Results: AJAP1 was downregulated in SACC tumors and was closely related to SACC lymph node/distant metastasis, which was an independent risk factor for SACC prognosis. Methylation-specific PCR confirmed that high methylation of the AJAP1 promoter was the main cause of its silencing. Overexpression or knockdown of AJAP1 in SACC cells could significantly inhibit or promote the proliferation, invasion, and metastasis of SACC cells, respectively, in both the in vitro and in vivo experiments. Mechanically, we found that AJAP1 binds to E-cadherin and β-catenin to form a complex in cytomembrane, reducing the nuclear translocation of β-catenin and blocking the Wingless/Integrated/β-catenin (Wnt/β-catenin) signaling pathway to play a suppressive role in cancer.

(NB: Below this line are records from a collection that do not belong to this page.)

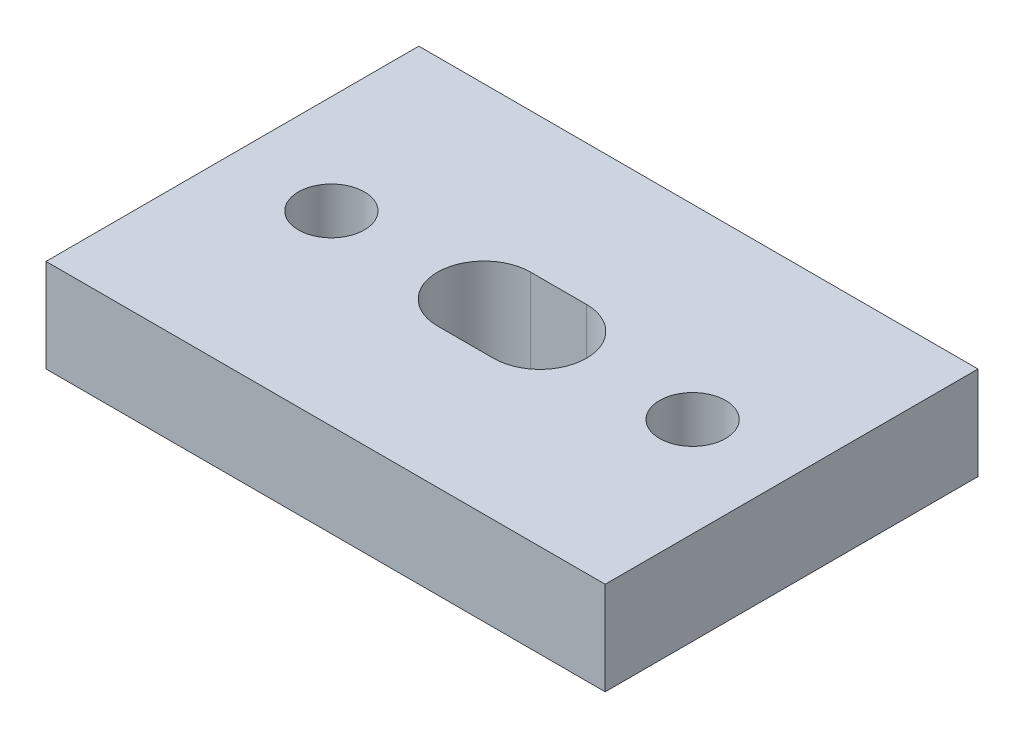
from build123d import *

# Parameters (mm, degrees)
SKETCH1_W           = 38.1
SKETCH1_H           = 25.4
SKETCH1_R           = 2.2479
BOSS_EXTRUDE1_DEPTH = 6.35


with BuildPart() as part:
    # Sketch1 → Boss-Extrude1 (new body)
    with BuildSketch(Plane(origin=(0, 0, 0), x_dir=(1, 0, 0), z_dir=(0, 1, 0))):
        Rectangle(SKETCH1_W, SKETCH1_H)
        with Locations(Location((-12.3063, 0, 0), (0, 0, 270))):
            Circle(SKETCH1_R, mode=Mode.SUBTRACT)
        with Locations(Location((12.3063, 0, 0), (0, 0, 270))):
            Circle(SKETCH1_R, mode=Mode.SUBTRACT)
        with BuildLine():
            Line((-1.905, 3.175), (1.905, 3.175))
            ThreePointArc((1.905, 3.175), (5.08, 0), (1.905, -3.175))
            Line((1.905, -3.175), (-1.905, -3.175))
            ThreePointArc((-1.905, -3.175), (-5.08, 0), (-1.905, 3.175))
        make_face(mode=Mode.SUBTRACT)
    extrude(amount=BOSS_EXTRUDE1_DEPTH)


solid = part.part
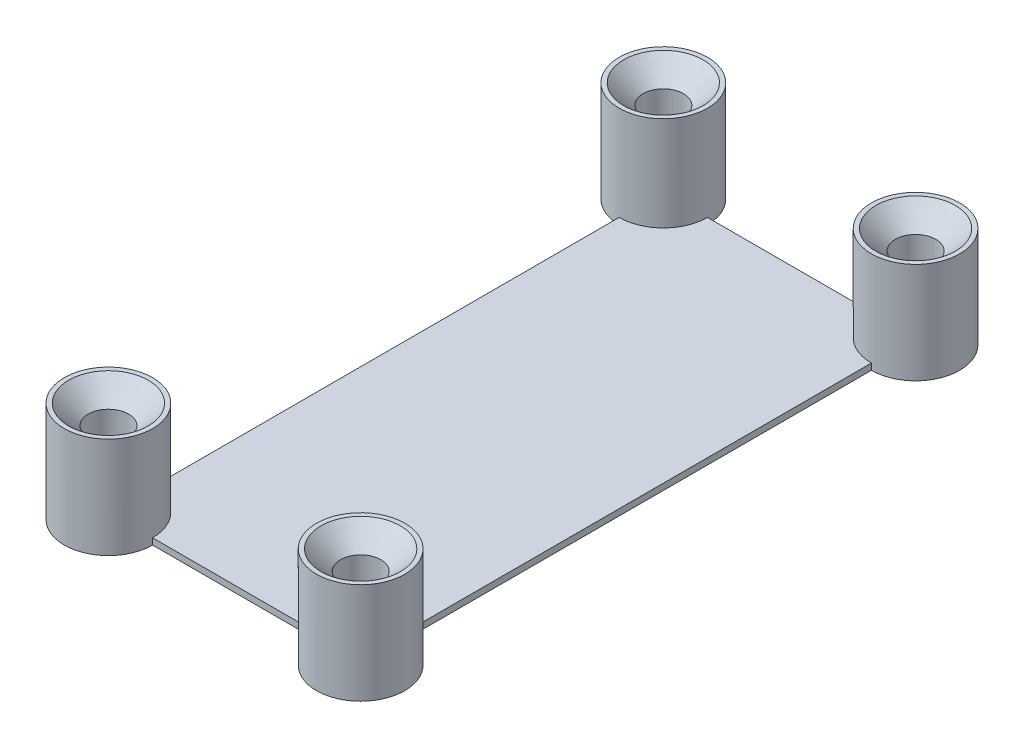
from build123d import *

# Parameters (mm, degrees)
SKETCH2_W                                       = 20
SKETCH2_H                                       = 44
BOSS_EXTRUDE2_DEPTH                             = 0.5
SKETCH4_R                                       = 3.5
BOSS_EXTRUDE3_DEPTH                             = 8
CSK_FOR_M3_FLAT_HEAD_MACHINE_SCREW1_D           = 3.2
CSK_FOR_M3_FLAT_HEAD_MACHINE_SCREW1_DEPTH       = 13.03862301
CSK_FOR_M3_FLAT_HEAD_MACHINE_SCREW1_CSINK_D     = 6.3
CSK_FOR_M3_FLAT_HEAD_MACHINE_SCREW1_CSINK_ANGLE = 90
CSK_FOR_M3_FLAT_HEAD_MACHINE_SCREW1_TIP         = 0.96137699


with BuildPart() as part:
    # Sketch2 → Boss-Extrude2 (new body)
    with BuildSketch(Plane(origin=(0, 0, 0), x_dir=(1, 0, 0), z_dir=(0, 1, 0))):
        with Locations((10, 22)):
            Rectangle(SKETCH2_W, SKETCH2_H)
    extrude(amount=BOSS_EXTRUDE2_DEPTH)

    # Sketch4 → Boss-Extrude3 (add)
    with BuildSketch(Plane(origin=(0, 0, 0), x_dir=(1, 0, 0), z_dir=(0, 1, 0))):
        with Locations(Location((20, 44, 0), (0, 0, 270))):
            Circle(SKETCH4_R)
        with Locations(Location((0, 44, 0), (0, 0, 90))):
            Circle(SKETCH4_R)
        with Locations(Location((20, 0, 0), (0, 0, 90))):
            Circle(SKETCH4_R)
        with Locations(Location((0, 0, 0), (0, 0, 90))):
            Circle(SKETCH4_R)
    extrude(amount=BOSS_EXTRUDE3_DEPTH)

    # CSK for M3 Flat Head Machine Screw1
    with Locations(Plane(origin=(0, 8, 0), x_dir=(1, 0, 0), z_dir=(0, 1, 0))):
        with Locations((20, 44), (0, 44), (0, 0), (20, 0)):
            CounterSinkHole(CSK_FOR_M3_FLAT_HEAD_MACHINE_SCREW1_D / 2, CSK_FOR_M3_FLAT_HEAD_MACHINE_SCREW1_CSINK_D / 2, depth=CSK_FOR_M3_FLAT_HEAD_MACHINE_SCREW1_DEPTH, counter_sink_angle=CSK_FOR_M3_FLAT_HEAD_MACHINE_SCREW1_CSINK_ANGLE)
            with Locations((0, 0, -(CSK_FOR_M3_FLAT_HEAD_MACHINE_SCREW1_DEPTH + CSK_FOR_M3_FLAT_HEAD_MACHINE_SCREW1_TIP / 2))):  # 118° drill point
                Cone(0, CSK_FOR_M3_FLAT_HEAD_MACHINE_SCREW1_D / 2, CSK_FOR_M3_FLAT_HEAD_MACHINE_SCREW1_TIP, mode=Mode.SUBTRACT)


solid = part.part
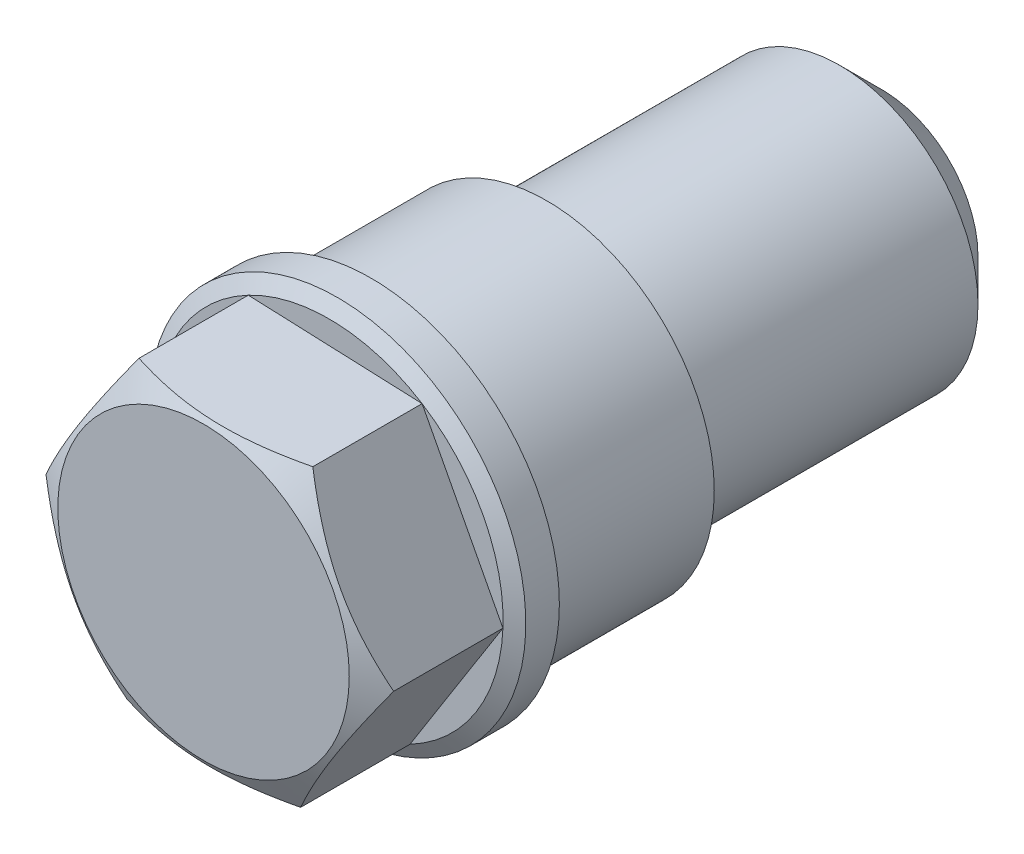
from build123d import *

# Parameters (mm, degrees)
SKETCH_1_R          = 3.3
EXTRUDE_1_DEPTH     = 8
SKETCH_2_R          = 4
EXTRUDE_2_DEPTH     = 4.2
SKETCH_3_R          = 4.5
EXTRUDE_3_DEPTH     = 1
SKETCH_4_OUTSIDE_W  = 18.132
SKETCH_4_OUTSIDE_H  = 18.132
SKETCH_4_OUTSIDE_R  = 4.155576512
CUT_EXTRUDE_1_DEPTH = 1
CUT_EXTRUDE_1_DRAFT = -60
EXTRUDE_4_DEPTH     = 3
SKETCH_6_OUTSIDE_W  = 25.512
SKETCH_6_OUTSIDE_H  = 25.512
SKETCH_6_OUTSIDE_R  = 3.481100129
CUT_EXTRUDE_2_DEPTH = 3
CUT_EXTRUDE_2_DRAFT = -60
CHAMFER_1_SIZE      = 1


with BuildPart() as part:
    # Эскиз1 → Бобышка-Вытянуть1 (new body)
    with BuildSketch(Plane.XY):
        Circle(SKETCH_1_R)
    extrude(amount=EXTRUDE_1_DEPTH)

    # Эскиз2 → Бобышка-Вытянуть2 (add)
    with BuildSketch(Plane.XY.offset(8)):
        Circle(SKETCH_2_R)
    extrude(amount=EXTRUDE_2_DEPTH)

    # Эскиз3 → Бобышка-Вытянуть3 (add)
    with BuildSketch(Plane.XY.offset(12.2)):
        Circle(SKETCH_3_R)
    extrude(amount=EXTRUDE_3_DEPTH)


with BuildPart() as cut_extrude_1_tool:
    # Эскиз4 outside → Вырез-Вытянуть1 (with draft: the straight prism first)
    with BuildSketch(Plane.XY.offset(13.2)):
        Rectangle(SKETCH_4_OUTSIDE_W, SKETCH_4_OUTSIDE_H)
        Circle(SKETCH_4_OUTSIDE_R, mode=Mode.SUBTRACT)
    extrude(amount=-CUT_EXTRUDE_1_DEPTH)
    # Вырез-Вытянуть1: the draft: its side faces are tilted about the plane it starts from
    cut_extrude_1_sides = [cut_extrude_1_tool.faces().sort_by_distance(p)[0] for p in [
        (0, -9.066, 12.7),
        (9.066, 0, 12.7),
        (0, 9.066, 12.7),
        (-9.066, 0, 12.7),
        (-4.155576512, 0, 12.7),
    ]]
    draft(cut_extrude_1_sides, Plane.XY.offset(13.2), CUT_EXTRUDE_1_DRAFT)


with BuildPart() as part_1:
    add(part.part)

    # Вырез-Вытянуть1: cut by cut_extrude_1_tool
    add(cut_extrude_1_tool.part, mode=Mode.SUBTRACT)

    # Эскиз5 → Бобышка-Вытянуть4 (add)
    with BuildSketch(Plane.XY.offset(13.2)):
        Polygon((-4.152198442, 0.167523856), (-2.221179136, -3.512147404), (1.931019306, -3.679671261), (4.152198442, -0.167523856), (2.221179136, 3.512147404), (-1.931019306, 3.679671261), align=None)
    extrude(amount=EXTRUDE_4_DEPTH)


with BuildPart() as cut_extrude_2_tool:
    # Эскиз6 outside → Вырез-Вытянуть2 (with draft: the straight prism first)
    with BuildSketch(Plane.XY.offset(16.2)):
        Rectangle(SKETCH_6_OUTSIDE_W, SKETCH_6_OUTSIDE_H)
        Circle(SKETCH_6_OUTSIDE_R, mode=Mode.SUBTRACT)
    extrude(amount=-CUT_EXTRUDE_2_DEPTH)
    # Вырез-Вытянуть2: the draft: its side faces are tilted about the plane it starts from
    cut_extrude_2_sides = [cut_extrude_2_tool.faces().sort_by_distance(p)[0] for p in [
        (0, -12.756, 14.7),
        (12.756, 0, 14.7),
        (0, 12.756, 14.7),
        (-12.756, 0, 14.7),
        (-3.481100129, 0, 14.7),
    ]]
    draft(cut_extrude_2_sides, Plane.XY.offset(16.2), CUT_EXTRUDE_2_DRAFT)


with BuildPart() as part_2:
    add(part_1.part)

    # Вырез-Вытянуть2: cut by cut_extrude_2_tool
    add(cut_extrude_2_tool.part, mode=Mode.SUBTRACT)

    # Фаска1
    chamfer_1_edges = [part_2.edges().sort_by_distance(p)[0] for p in [
        (-3.3, 0, 0),
    ]]
    chamfer(chamfer_1_edges, length=CHAMFER_1_SIZE)


solid = part_2.part
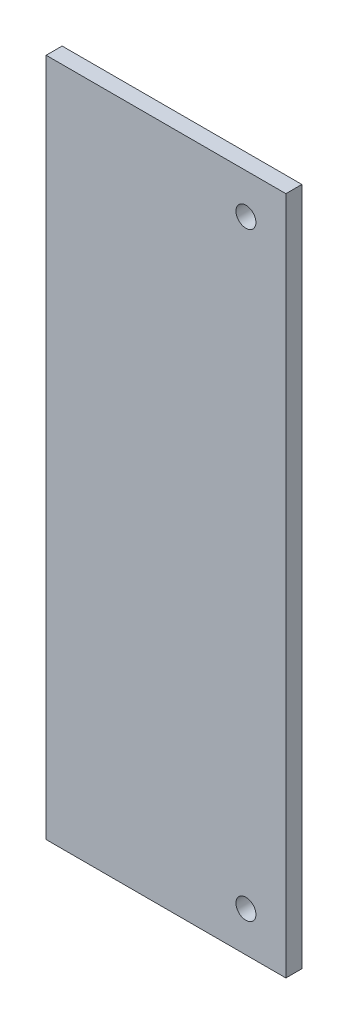
from build123d import *

# Parameters (mm, degrees)
SKETCH1_W           = 60
SKETCH1_H           = 170
BOSS_EXTRUDE1_DEPTH = 4
CUT_EXTRUDE1_REACH  = 182.322
SKETCH2_R           = 2.5


with BuildPart() as part:
    # Sketch1 → Boss-Extrude1 (new body)
    with BuildSketch(Plane.XY):
        with Locations((-30, 85)):
            Rectangle(SKETCH1_W, SKETCH1_H)
    extrude(amount=BOSS_EXTRUDE1_DEPTH)

    # Sketch2 → Cut-Extrude1 (cut, up to next)
    with BuildSketch(Plane(origin=(0, 0, 0), x_dir=(-1, 0, 0), z_dir=(0, 0, -1)), mode=Mode.PRIVATE) as cut_extrude1_sk1:
        with Locations((10, 10)):
            Circle(SKETCH2_R)
    cut_extrude1_tool1 = extrude(cut_extrude1_sk1.sketch, amount=-CUT_EXTRUDE1_REACH, mode=Mode.PRIVATE) & part.part
    # Sketch2 → Cut-Extrude1 (cut, up to next)
    with BuildSketch(Plane(origin=(0, 0, 0), x_dir=(-1, 0, 0), z_dir=(0, 0, -1)), mode=Mode.PRIVATE) as cut_extrude1_sk2:
        with Locations((10, 160)):
            Circle(SKETCH2_R)
    cut_extrude1_tool2 = extrude(cut_extrude1_sk2.sketch, amount=-CUT_EXTRUDE1_REACH, mode=Mode.PRIVATE) & part.part
    add(cut_extrude1_tool1.solids().sort_by_distance((-10, 10, 0))[0], mode=Mode.SUBTRACT)
    add(cut_extrude1_tool2.solids().sort_by_distance((-10, 160, 0))[0], mode=Mode.SUBTRACT)


solid = part.part
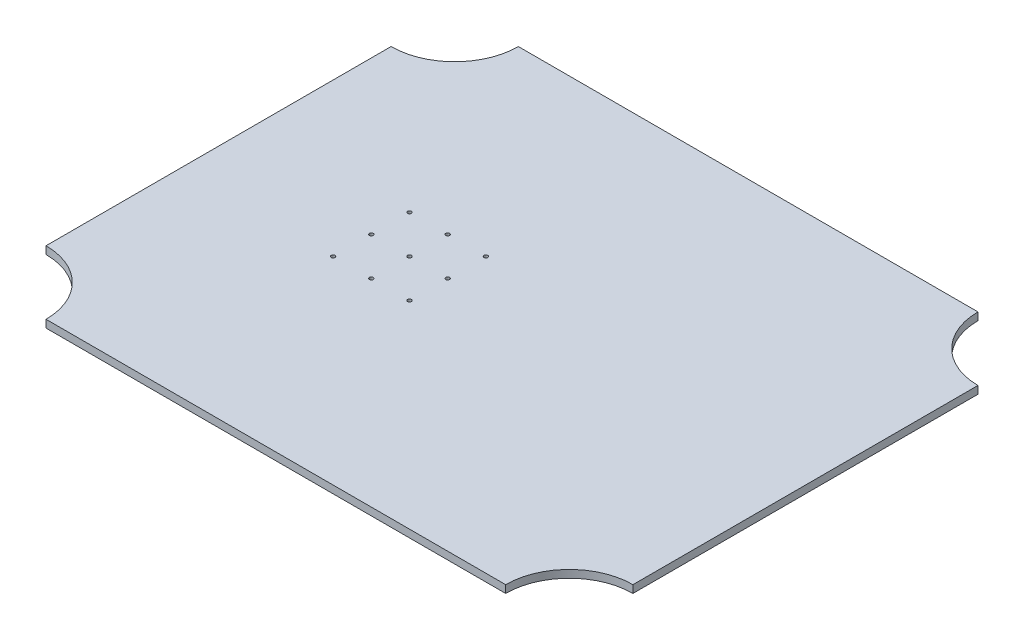
from build123d import *

# Parameters (mm, degrees)
SKETCH_1_R      = 1.5
EXTRUDE_1_DEPTH = 6


with BuildPart() as part:
    # 草图1 → 凸台-拉伸1 (new body)
    with BuildSketch(Plane(origin=(0, 0, 0), x_dir=(1, 0, 0), z_dir=(0, 1, 0))):
        with BuildLine():
            Line((1250.81279875, 185.5), (1611.81279875, 185.5))
            ThreePointArc((1611.81279875, 185.5), (1626.457459691, 150.144660941), (1661.81279875, 135.5))
            Line((1661.81279875, 135.5), (1661.81279875, -135.5))
            ThreePointArc((1661.81279875, -135.5), (1626.457459691, -150.144660941), (1611.81279875, -185.5))
            Line((1611.81279875, -185.5), (1250.81279875, -185.5))
            ThreePointArc((1250.81279875, -185.5), (1236.16813781, -150.144660941), (1200.81279875, -135.5))
            Line((1200.81279875, -135.5), (1200.81279875, 135.5))
            ThreePointArc((1200.81279875, 135.5), (1236.16813781, 150.144660941), (1250.81279875, 185.5))
        make_face()
        with Locations(Location((1320.81279875, 0, 0), (0, 0, 270))):
            Circle(SKETCH_1_R, mode=Mode.SUBTRACT)
        with Locations(Location((1320.81279875, 30, 0), (0, 0, 270))):
            Circle(SKETCH_1_R, mode=Mode.SUBTRACT)
        with Locations(Location((1350.81279875, 30, 0), (0, 0, 270))):
            Circle(SKETCH_1_R, mode=Mode.SUBTRACT)
        with Locations(Location((1350.81279875, 0, 0), (0, 0, 270))):
            Circle(SKETCH_1_R, mode=Mode.SUBTRACT)
        with Locations(Location((1350.81279875, -30, 0), (0, 0, 90))):
            Circle(SKETCH_1_R, mode=Mode.SUBTRACT)
        with Locations(Location((1320.81279875, -30, 0), (0, 0, 90))):
            Circle(SKETCH_1_R, mode=Mode.SUBTRACT)
        with Locations(Location((1380.81279875, -30, 0), (0, 0, 270))):
            Circle(SKETCH_1_R, mode=Mode.SUBTRACT)
        with Locations(Location((1380.81279875, 0, 0), (0, 0, 90))):
            Circle(SKETCH_1_R, mode=Mode.SUBTRACT)
        with Locations(Location((1380.81279875, 30, 0), (0, 0, 90))):
            Circle(SKETCH_1_R, mode=Mode.SUBTRACT)
    extrude(amount=EXTRUDE_1_DEPTH)


solid = part.part
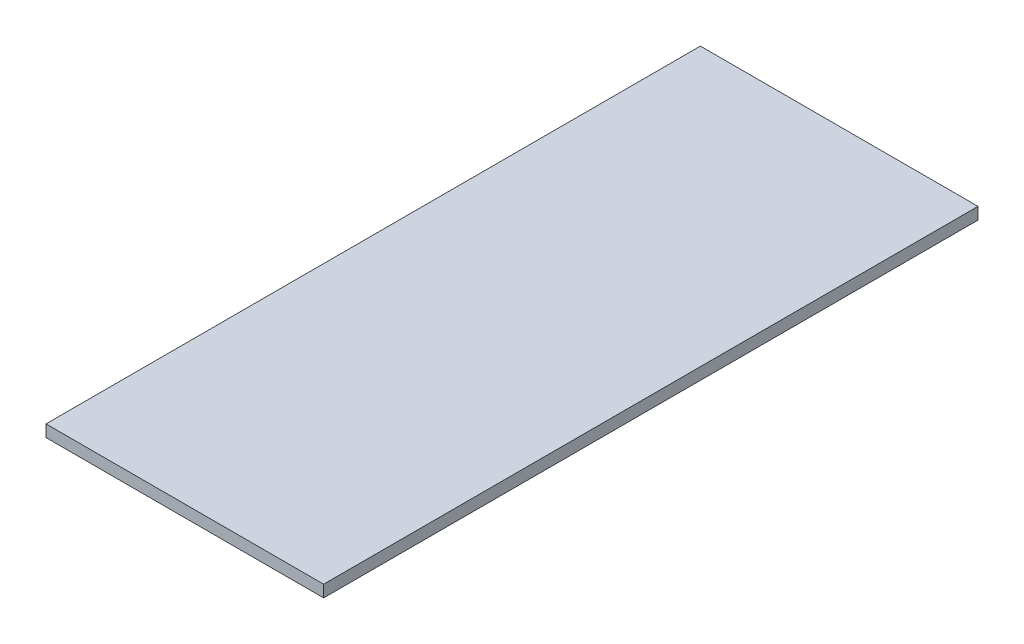
from build123d import *

# Parameters (mm, degrees)
SKETCH1_W           = 7
SKETCH1_H           = 16.5
BOSS_EXTRUDE1_DEPTH = 0.15


with BuildPart() as part:
    # Sketch1 → Boss-Extrude1 (new, symmetric)
    with BuildSketch(Plane(origin=(0, 0, 0), x_dir=(1, 0, 0), z_dir=(0, 1, 0))):
        Rectangle(SKETCH1_W, SKETCH1_H)
    extrude(amount=BOSS_EXTRUDE1_DEPTH, both=True)


solid = part.part

Conclusions: In conclusion, these results suggest that the downregulation of AJAP1 protein expression may play a certain role in progression and metastasis of SACC. Our study indicates that AJAP1 may be a potential prognostic molecular marker and therapeutic target for SACC.

Keywords: AJAP1; Salivary adenoid cystic carcinoma (SACC); metastasis; methylation; β-catenin.